Katastrophe

Ukrainischer Menschenrechtsbeauftragter erklärt Treffen, neue Vorwürfe tauchen auf, und ICC-Ankläger suspendiert

Ukrainischer Menschenrechtsbeauftragter erklärt Treffen, neue Vorwürfe tauchen auf, und ICC-Ankläger suspendiert

Der ukrainische Menschenrechtsbeauftragte Dmytro Lubinets erklärt sein Treffen mit der russischen Ombudsfrau. Neue Vorwürfe gegen Russland: Anwerbung Minderjähriger für Auftragsmorde. ICC-Ankläger suspendiert.

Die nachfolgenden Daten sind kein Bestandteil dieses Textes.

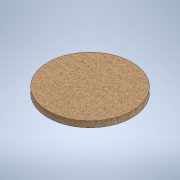
# Autodesk Inventor part: Soporte Eyección
Saved by Autodesk Inventor 2020 (Build 240168000, 168)
## iProperties
Created: 2021-10-18
Part Number: Soporte Eyección
Material: MDF Medium Density Fiberboard
Document SubType Name: Modeling
Designer: Carlos
Density: 0.8 g/cm^3
Appearance: Cardboard - Corrugated
Mass: 23.9314 g
Surface Area: 92.1272 cm^2
Volume: 29.9142 cm^3
Author: Carlos
Autodesk Inventor part; units mm, degrees
ref_plane "YZ Plane" through (0, 0, 0) normal (1, 0, 0) x (0, 1, 0)
ref_plane "XZ Plane" through (0, 0, 0) normal (0, 1, 0) x (-1, 0, 0)
ref_plane "XY Plane" through (0, 0, 0) normal (0, 0, 1) x (1, 0, 0)
sketch "Sketch1" plane through (0, 0, 0) normal (0, 1, 0) x (-1, 0, 0)
  circle A0 centre (0, 0) radius 34.5
  dimension "d0" = 69
  constraints: 1 centre point, 1 coincident
  measures "d0" diameter of A0
extrude "Extrusion1" add sketch "Sketch1" along normal mid plane 5
body "Solid1"

Der ukrainische Menschenrechtsbeauftragte Dmytro Lubinets erklärte, dass sein erstes Treffen mit der russischen Ombudsfrau Yana Lantratova darauf abzielte, einen Kontakt für "concrete results" herzustellen, und nicht, um über ihre angebliche Beteiligung an Kindesdeportationen zu sprechen. Separat dazu haben ukrainische Strafverfolgungsbehörden in diesem Jahr sechs Fälle dokumentiert, in denen russische Sonderdienste angeblich minderjährige Mädchen für Auftragsmorde an ukrainischen Militärangehörigen angeworben haben. Der Menschenrechtsexperte Boris Zakharov bekräftigte, dass die Freilassung von Gefangenen und zivilen Häftlingen vor Verhandlungen erfolgen sollte, und verwies auf einen kürzlichen Austausch, bei dem unter 186 repatriierten Ukrainern nur ein Zivilist war. In der Zwischenzeit wurde der Chefankläger des Internationalen Strafgerichtshofs, Karim Khan, bis zum Abschluss einer Untersuchung wegen Belästigung suspendiert – eine Entscheidung, die sein Anwaltsteam als "unlawful" bezeichnete. Es bestehen weiterhin Vorwürfe über die Beteiligung von Rosatom-Mitarbeitern an der Besetzung des Kernkraftwerks Tschernobyl, nach einem gemeldeten russischen Drohnenangriff auf eine Atommülllagerstätte in der Tschernobyl-Zone am 7. Juni 2026.